Trois décennies après l’alerte mondiale sur l’amincissement de la couche d’ozone, les scientifiques dressent un constat encourageant : la « cicatrisation » est en bonne voie. Publié ce 16 septembre, à l’occasion de la Journée mondiale de l’ozone et du 40ᵉ anniversaire de la Convention de Vienne, le dernier Bulletin de l’Organisation météorologique mondiale (OMM) souligne que la faible dégradation observée en 2024 résulte surtout de fluctuations atmosphériques naturelles. Surtout, il confirme que l’action concertée des États porte désormais ses fruits.
Signé en 1985, le traité-cadre de Vienne a inauguré une gouvernance scientifique inédite, bientôt consolidée par le Protocole de Montréal (1987). « Aujourd’hui, la couche d’ozone se rétablit.
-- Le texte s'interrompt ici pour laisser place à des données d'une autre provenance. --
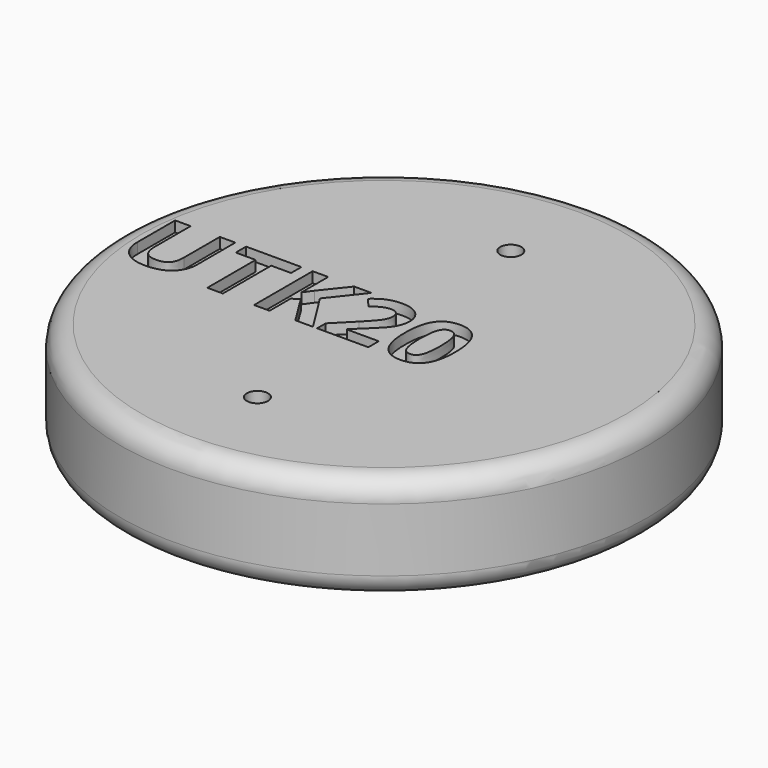
from build123d import *

# Parameters (mm, degrees)
F0_R           = 25
F1_DEPTH       = 10
F2_TEXT_SIZE   = 9.7222222222
F3_DEPTH       = 1
F4_R           = 2
F6_D           = 2
F6_CBORE_D     = 5
F6_CBORE_DEPTH = 2.5


# Not quite as in the source:
# - Text() gives the source's letters only with a copy of the font that has no kerning and outlines rounded to 1/6400 em; it was checked with that copy


with BuildPart() as f1:
    # F0 (on Top) → F1 (new body)
    with BuildSketch(Plane.XY):
        Circle(F0_R)
    extrude(amount=F1_DEPTH)

    # F2 (on face) → F3 (cut)
    with BuildSketch(Plane.XY.offset(10)):
        with Locations((-23.2602746329, -3.6353966245)):
            Text('UTK20', F2_TEXT_SIZE, font='Open Sans', font_style=FontStyle.BOLD, text_align=(TextAlign.LEFT, TextAlign.BOTTOM))
    extrude(amount=-F3_DEPTH, mode=Mode.SUBTRACT)

    # F4
    f4_edges = [f1.edges().sort_by_distance(p)[0] for p in [
        (-25, 0, 10),
        (-25, 0, 0),
    ]]
    fillet(f4_edges, radius=F4_R)

    # F6 (through all)
    with Locations(Plane(origin=(0, 0, 0), x_dir=(1, 0, 0), z_dir=(0, 0, -1))):
        with Locations((0, 15), (0, -15)):
            CounterBoreHole(F6_D / 2, F6_CBORE_D / 2, F6_CBORE_DEPTH)


solid = f1.part
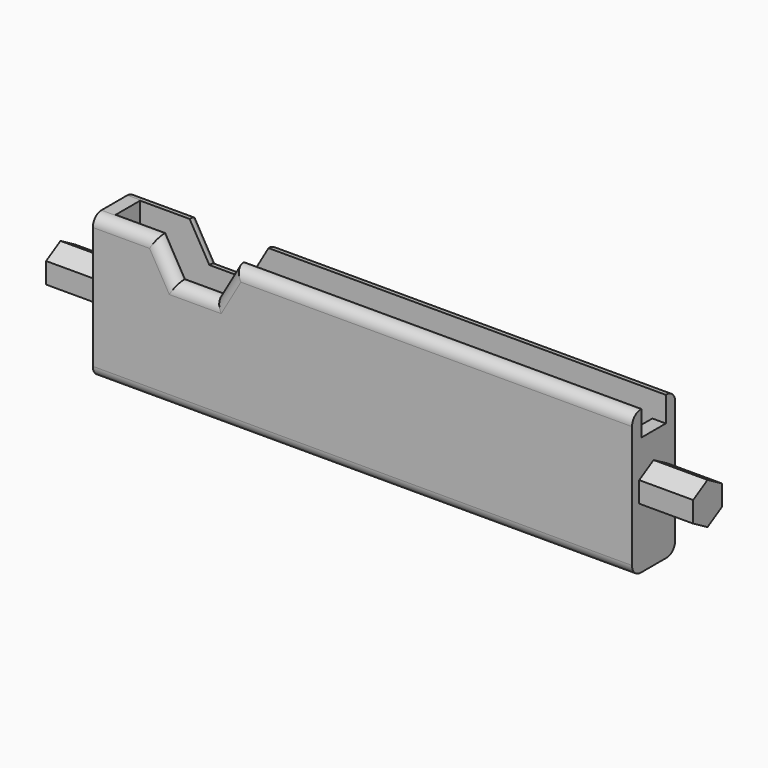
from build123d import *

# Parameters (mm, degrees)
F1_DEPTH = 7.5
F2_W     = 10
F2_H     = 42
F3_DEPTH = 4.25
F6_DEPTH = 15
F8_R     = 3


with BuildPart() as f1:
    # F0 (on Front) → F1 (new body, symmetric)
    with BuildSketch(Plane.XZ):
        Polygon((75, -20), (75, 20), (-35.5303448854, 20), (-41.0151724427, 10.5), (-51.9848275573, 10.5), (-57.4696551146, 20), (-75, 20), (-75, -20), align=None)
    extrude(amount=F1_DEPTH, both=True)

    # F2 (on Front) → F3 (cut, symmetric)
    with BuildSketch(Plane.XZ):
        Polygon((71.25, 13), (71.25, 55), (-71.25, 55), (-71.25, -15), (71.25, -15), align=None)
        with Locations((76.25, 34)):
            Rectangle(F2_W, F2_H)
    extrude(amount=F3_DEPTH, both=True, mode=Mode.SUBTRACT)



with BuildPart() as f6:
    # F5 (on offset) → F6 (new body)
    with BuildSketch(Plane.YZ.offset(75)):
        Polygon((5, -2.8867513459), (5, 2.8867513459), (0, 5.7735026919), (-5, 2.8867513459), (-5, -2.8867513459), (0, -5.7735026919), align=None)
    extrude(amount=F6_DEPTH)


with BuildPart() as f1_1:
    add(f1.part)

    add(f6.part)  # F7 merges F6
    # F7: F6 across plane
    add(f6.part.mirror(Plane.YZ))

    # F8
    f8_edges = [f1_1.edges().sort_by_distance(p)[0] for p in [
        (0, -7.5, -20),
        (0, 7.5, -20),
        (19.734828, -7.5, 20),
        (-66.234828, -7.5, 20),
        (-66.234828, 7.5, 20),
        (19.734828, 7.5, 20),
        (-54.727241, -7.5, 15.25),
        (-46.5, -7.5, 10.5),
        (-38.272759, -7.5, 15.25),
        (-38.272759, 7.5, 15.25),
        (-46.5, 7.5, 10.5),
        (-54.727241, 7.5, 15.25),
    ]]
    fillet(f8_edges, radius=F8_R)


solid = f1_1.part

Cette réalisation nous rappelle que lorsque les nations écoutent les avertissements de la science, le progrès est possible » déclare António Guterres, le Secrétaire général des Nations Unies. Les Nations unies rappellent que 99% des substances destructrices d’ozone ont déjà été éliminées. Que ce soit, la réfrigération, la climatisation, les mousses ignifuges ou les aérosols, les industriels ont dû réinventer leurs procédés.
Les projections du Panel d’évaluation scientifique estiment un retour aux niveaux de 1980 d’ici 2040 sur la majeure partie du globe, 2045 dans l’Arctique et 2066 au-dessus de l’Antarctique. D’ici là, la diminution des ultraviolets nocifs devrait éviter des millions de cancers cutanés et préserver les écosystèmes.
L’Antarctique montre des signes de rémission
Le « trou » annuel qui s’ouvre au printemps austral reste l’indicateur le plus scruté. En 2024, son déficit maximal n’a atteint « que » 46,1 millions de tonnes, nettement en deçà de la moyenne 1990-2020. Plus intéressant encore, l’apparition du phénomène a été retardée et la fermeture accélérée. « Ce décalage persistant marque un tournant : le processus de guérison est enclenché », souligne le Bulletin.
Au-delà des pôles, le suivi planétaire des colonnes d’ozone indique des valeurs supérieures à celles des années précédentes sur la majeure partie du globe. Ces observations s’appuient sur le réseau mondial de capteurs de l’OMM, où l’échange gratuit des données reste la règle – gage de confiance scientifique et de réactivité politique.

De la science à l’action climatique
Pour Celeste Saulo, secrétaire générale de l’OMM, le thème de cette Journée mondiale ( De la science à l’action mondiale ) fait directement écho au 75ᵉ anniversaire de son organisation : « Recherche, coopération internationale et partage des données sont les piliers mêmes de la réussite du Protocole de Montréal ». Au-delà de la protection de l’ozone, l’accord est devenu un levier climatique.
Son amendement de Kigali (2016) organise la réduction progressive des hydrofluorocarbures (HFC), gaz à fort potentiel de réchauffement. Ratifiée par 164 parties, cette extension pourrait éviter jusqu’à 0,5 °C de réchauffement d’ici 2100.
La vigilance reste de mise
Matt Tully, président du groupe consultatif scientifique de l’OMM sur l’ozone et les UV, prévient toutefois : « Le succès, aussi spectaculaire soit-il, n’est pas une fin. Nous devons poursuivre la surveillance systématique des composés résiduels et de leurs substituts. »
Les défis ne manquent pas : apparition de nouveaux produits chimiques, fraudes ponctuelles ou optimisation industrielle des fluides de remplacement.
Des retombées concrètes pour les Objectifs de développement durable
La restauration de la couche d’ozone participe déjà à plusieurs ODD : santé (SDG 3) via la baisse des cancers et cataractes, l’agriculture (SDG 2) grâce à la protection des cultures sensibles aux UV, l’action climatique (SDG 13) et la préservation des écosystèmes terrestres (SDG 15). Autant de bénéfices collatéraux qui démontrent qu’un traité environnemental peut avoir des impacts systémiques bien au-delà de son objet initial.
Le prochain rapport quadriennal sur l’état de l’ozone, attendu en 2026, dira si la trajectoire reste conforme aux projections. L’expérience de Montréal sert de référence à d’autres négociations climatiques. Elle prouve qu’un consensus scientifique ferme, adossé à un mécanisme de contrôle robuste, est en mesure de fédérer la communauté internationale et provoquer des changements industriels majeurs.